EU Announces New Data Breach Rules for Telecoms

Neelie Kroes, vice-president of the European Commission and commissioner for the Digital Agenda, has announced new "technical implementing measures" to ensure that consumers across Europe receive equal treatment from their communications providers if their personal information is compromised. Since 2011 providers have had an obligation to inform both national regulators and individual subscribers about any breaches of their personal information – but the implementation of that obligation varies from country to country.

Although a public consultation indicated “widespread stakeholder support for a harmonised approach in this area,” individual countries’ preferences differed widely. The UK would prefer that disclosure is only mandatory for serious breaches; Ireland would like disclosure within 2 days, Greece within 10 days. Now, however, says the Digital Agenda statement, the new rules have been “agreed by a committee of Member States and scrutinised by the European Parliament and Council. They are adopted in the form of a Commission Regulation, which has direct effect and requires no further transposition at national level, and will come into force two months after publication in the EU Official Journal.”

Those rules include informing the competent national authority of a breach within 24 hours of its discovery. If full disclosure is not possible within this timeframe, an initial disclosure needs to be made, with full details following within 3 more days. The notification must outline “which pieces of information are affected and what measures have been or will be applied by the company.” And the notification must be done in a standardized format identical across all member states.

"Consumers need to know when their personal data has been compromised, so that they can take remedial action if needed, and businesses need simplicity.

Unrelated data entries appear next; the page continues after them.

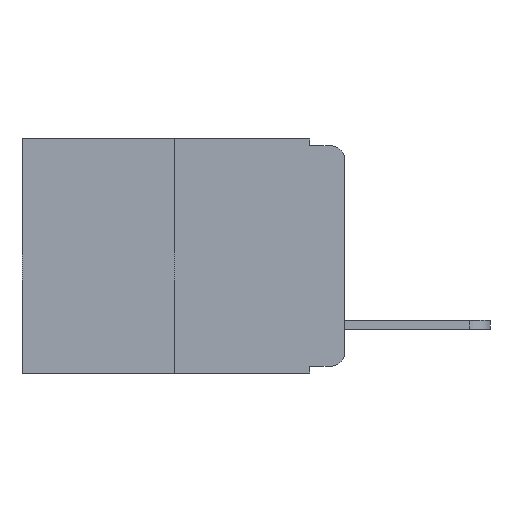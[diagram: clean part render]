
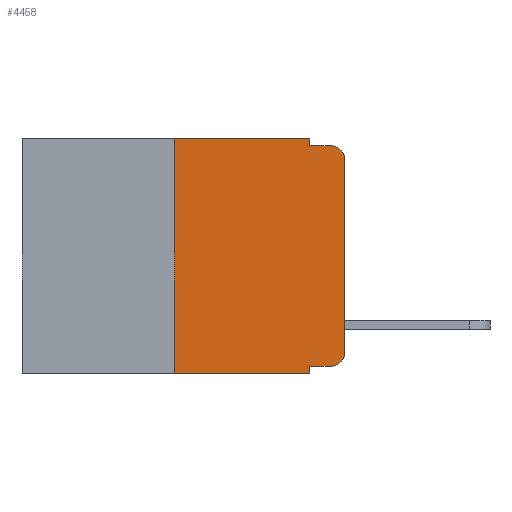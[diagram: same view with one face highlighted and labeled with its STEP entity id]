
A CAD part, left-side view. The second image highlights one B-rep face of the part: STEP entity #4458.
In plain terms, the highlighted planar face has unit normal (-1, 0, 0).
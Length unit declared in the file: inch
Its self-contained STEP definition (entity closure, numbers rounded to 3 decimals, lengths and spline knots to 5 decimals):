
#32 = ORIENTED_EDGE ( 'NONE', *, *, #1879, .F. ) ;
#287 = CARTESIAN_POINT ( 'NONE',  ( 0., 0.051, -0.343 ) ) ;
#289 = EDGE_CURVE ( 'NONE', #3655, #3896, #334, .T. ) ;
#334 = LINE ( 'NONE', #12256, #4484 ) ;
#718 = EDGE_CURVE ( 'NONE', #7310, #10958, #11687, .T. ) ;
#742 = CARTESIAN_POINT ( 'NONE',  ( 0., 0.051, -0.01 ) ) ;
#829 = DIRECTION ( 'NONE',  ( -1., 0., 0. ) ) ;
#995 = VERTEX_POINT ( 'NONE', #287 ) ;
#1081 = CARTESIAN_POINT ( 'NONE',  ( 0., 0.02, -0.03 ) ) ;
#1086 = AXIS2_PLACEMENT_3D ( 'NONE', #11090, #829, #3583 ) ;
#1205 = DIRECTION ( 'NONE',  ( 0., 0., -1. ) ) ;
#1243 = CARTESIAN_POINT ( 'NONE',  ( 0., 0.051, -0.333 ) ) ;
#1791 = DIRECTION ( 'NONE',  ( 0., 0., -1. ) ) ;
#1879 = EDGE_CURVE ( 'NONE', #10958, #9998, #8025, .T. ) ;
#2090 = VECTOR ( 'NONE', #4357, 39.37008 ) ;
#2103 = LINE ( 'NONE', #9955, #5831 ) ;
#2186 = DIRECTION ( 'NONE',  ( 0., -1., 0. ) ) ;
#2309 = VECTOR ( 'NONE', #10136, 39.37008 ) ;
#2991 = CARTESIAN_POINT ( 'NONE',  ( 0., 0.25, -0.343 ) ) ;
#3129 = DIRECTION ( 'NONE',  ( -1., 0., 0. ) ) ;
#3245 = EDGE_CURVE ( 'NONE', #3655, #995, #7448, .T. ) ;
#3275 = ORIENTED_EDGE ( 'NONE', *, *, #289, .T. ) ;
#3353 = ORIENTED_EDGE ( 'NONE', *, *, #718, .F. ) ;
#3456 = AXIS2_PLACEMENT_3D ( 'NONE', #10301, #9309, #1791 ) ;
#3583 = DIRECTION ( 'NONE',  ( 0., 0., -1. ) ) ;
#3655 = VERTEX_POINT ( 'NONE', #1243 ) ;
#3677 = ORIENTED_EDGE ( 'NONE', *, *, #7928, .T. ) ;
#3896 = VERTEX_POINT ( 'NONE', #5752 ) ;
#4136 = ORIENTED_EDGE ( 'NONE', *, *, #7203, .T. ) ;
#4319 = EDGE_LOOP ( 'NONE', ( #3677, #7513, #5814, #8527, #32, #3353, #4136, #9852, #3275, #9830 ) ) ;
#4357 = DIRECTION ( 'NONE',  ( 0., 0., -1. ) ) ;
#4458 = ADVANCED_FACE ( 'NONE', ( #10834 ), #6479, .F. ) ;
#4461 = VECTOR ( 'NONE', #2186, 39.37008 ) ;
#4484 = VECTOR ( 'NONE', #6938, 39.37008 ) ;
#5124 = CARTESIAN_POINT ( 'NONE',  ( 0., 0.051, 0. ) ) ;
#5219 = EDGE_CURVE ( 'NONE', #3896, #9999, #8482, .T. ) ;
#5274 = CARTESIAN_POINT ( 'NONE',  ( 0., 0.051, 0. ) ) ;
#5620 = CARTESIAN_POINT ( 'NONE',  ( 0., 0.051, -0.01 ) ) ;
#5640 = DIRECTION ( 'NONE',  ( 0., 0., 1. ) ) ;
#5644 = VECTOR ( 'NONE', #12184, 39.37008 ) ;
#5752 = CARTESIAN_POINT ( 'NONE',  ( 0., 0.02, -0.333 ) ) ;
#5814 = ORIENTED_EDGE ( 'NONE', *, *, #11952, .F. ) ;
#5831 = VECTOR ( 'NONE', #10901, 39.37008 ) ;
#5917 = CARTESIAN_POINT ( 'NONE',  ( 0., 0.473, -0.343 ) ) ;
#5963 = VERTEX_POINT ( 'NONE', #5620 ) ;
#6122 = EDGE_CURVE ( 'NONE', #6552, #6668, #6841, .T. ) ;
#6406 = VECTOR ( 'NONE', #5640, 39.37008 ) ;
#6479 = PLANE ( 'NONE',  #3456 ) ;
#6552 = VERTEX_POINT ( 'NONE', #10195 ) ;
#6668 = VERTEX_POINT ( 'NONE', #9618 ) ;
#6841 = CIRCLE ( 'NONE', #9480, 0.02 ) ;
#6938 = DIRECTION ( 'NONE',  ( 0., -1., 0. ) ) ;
#7203 = EDGE_CURVE ( 'NONE', #7310, #995, #7633, .T. ) ;
#7310 = VERTEX_POINT ( 'NONE', #2991 ) ;
#7332 = VECTOR ( 'NONE', #10631, 39.37008 ) ;
#7448 = LINE ( 'NONE', #5274, #2090 ) ;
#7513 = ORIENTED_EDGE ( 'NONE', *, *, #6122, .T. ) ;
#7633 = LINE ( 'NONE', #5917, #7332 ) ;
#7701 = LINE ( 'NONE', #10277, #5644 ) ;
#7928 = EDGE_CURVE ( 'NONE', #9999, #6552, #2103, .T. ) ;
#7987 = CARTESIAN_POINT ( 'NONE',  ( 0., 0., -0.313 ) ) ;
#8025 = LINE ( 'NONE', #8685, #4461 ) ;
#8223 = CARTESIAN_POINT ( 'NONE',  ( 0., 0.25, 0. ) ) ;
#8482 = CIRCLE ( 'NONE', #1086, 0.02 ) ;
#8527 = ORIENTED_EDGE ( 'NONE', *, *, #10211, .F. ) ;
#8685 = CARTESIAN_POINT ( 'NONE',  ( 0., 0.473, 0. ) ) ;
#8827 = LINE ( 'NONE', #742, #2309 ) ;
#9309 = DIRECTION ( 'NONE',  ( 1., 0., 0. ) ) ;
#9360 = CARTESIAN_POINT ( 'NONE',  ( 0., 0.25, 0. ) ) ;
#9480 = AXIS2_PLACEMENT_3D ( 'NONE', #1081, #3129, #1205 ) ;
#9618 = CARTESIAN_POINT ( 'NONE',  ( 0., 0.02, -0.01 ) ) ;
#9830 = ORIENTED_EDGE ( 'NONE', *, *, #5219, .T. ) ;
#9852 = ORIENTED_EDGE ( 'NONE', *, *, #3245, .F. ) ;
#9955 = CARTESIAN_POINT ( 'NONE',  ( 0., 0., 0. ) ) ;
#9998 = VERTEX_POINT ( 'NONE', #5124 ) ;
#9999 = VERTEX_POINT ( 'NONE', #7987 ) ;
#10136 = DIRECTION ( 'NONE',  ( 0., -1., 0. ) ) ;
#10195 = CARTESIAN_POINT ( 'NONE',  ( 0., 0., -0.03 ) ) ;
#10211 = EDGE_CURVE ( 'NONE', #9998, #5963, #7701, .T. ) ;
#10277 = CARTESIAN_POINT ( 'NONE',  ( 0., 0.051, 0. ) ) ;
#10301 = CARTESIAN_POINT ( 'NONE',  ( 0., 0.473, 0. ) ) ;
#10631 = DIRECTION ( 'NONE',  ( 0., -1., 0. ) ) ;
#10834 = FACE_OUTER_BOUND ( 'NONE', #4319, .T. ) ;
#10901 = DIRECTION ( 'NONE',  ( 0., 0., 1. ) ) ;
#10958 = VERTEX_POINT ( 'NONE', #9360 ) ;
#11090 = CARTESIAN_POINT ( 'NONE',  ( 0., 0.02, -0.313 ) ) ;
#11687 = LINE ( 'NONE', #8223, #6406 ) ;
#11952 = EDGE_CURVE ( 'NONE', #5963, #6668, #8827, .T. ) ;
#12184 = DIRECTION ( 'NONE',  ( 0., 0., -1. ) ) ;
#12256 = CARTESIAN_POINT ( 'NONE',  ( 0., 0.051, -0.333 ) ) ;

These new practical measures provide that level playing field”, said Neelie Kroes.

The Commission is also keen to encourage the use of encryption for personal data. To this end, “and in conjunction with ENISA, the Commission will also publish an indicative list of technological protection measures, such as encryption techniques, which would render the data unintelligible.” In principle, if the data is adequately encrypted, it will not be considered ‘lost’ even if it is stolen. “If a company applies such techniques but suffers a data breach, they would be exempt from the burden of having to notify the subscriber because such a breach would not actually reveal the subscriber's personal data,” says the Commission.

These new rules “are separate and distinct from the Commission's proposed revision of EU legal framework for data protection and the Commission's proposal for a Directive on network and information security,” concludes the announcement. Nevertheless, compulsory breach notification’ is part of the Commission’s proposed General Data Protection Regulation, and as such these new rules for the telecommunications industry can be viewed as a foretaste of what the Commission plans more generally.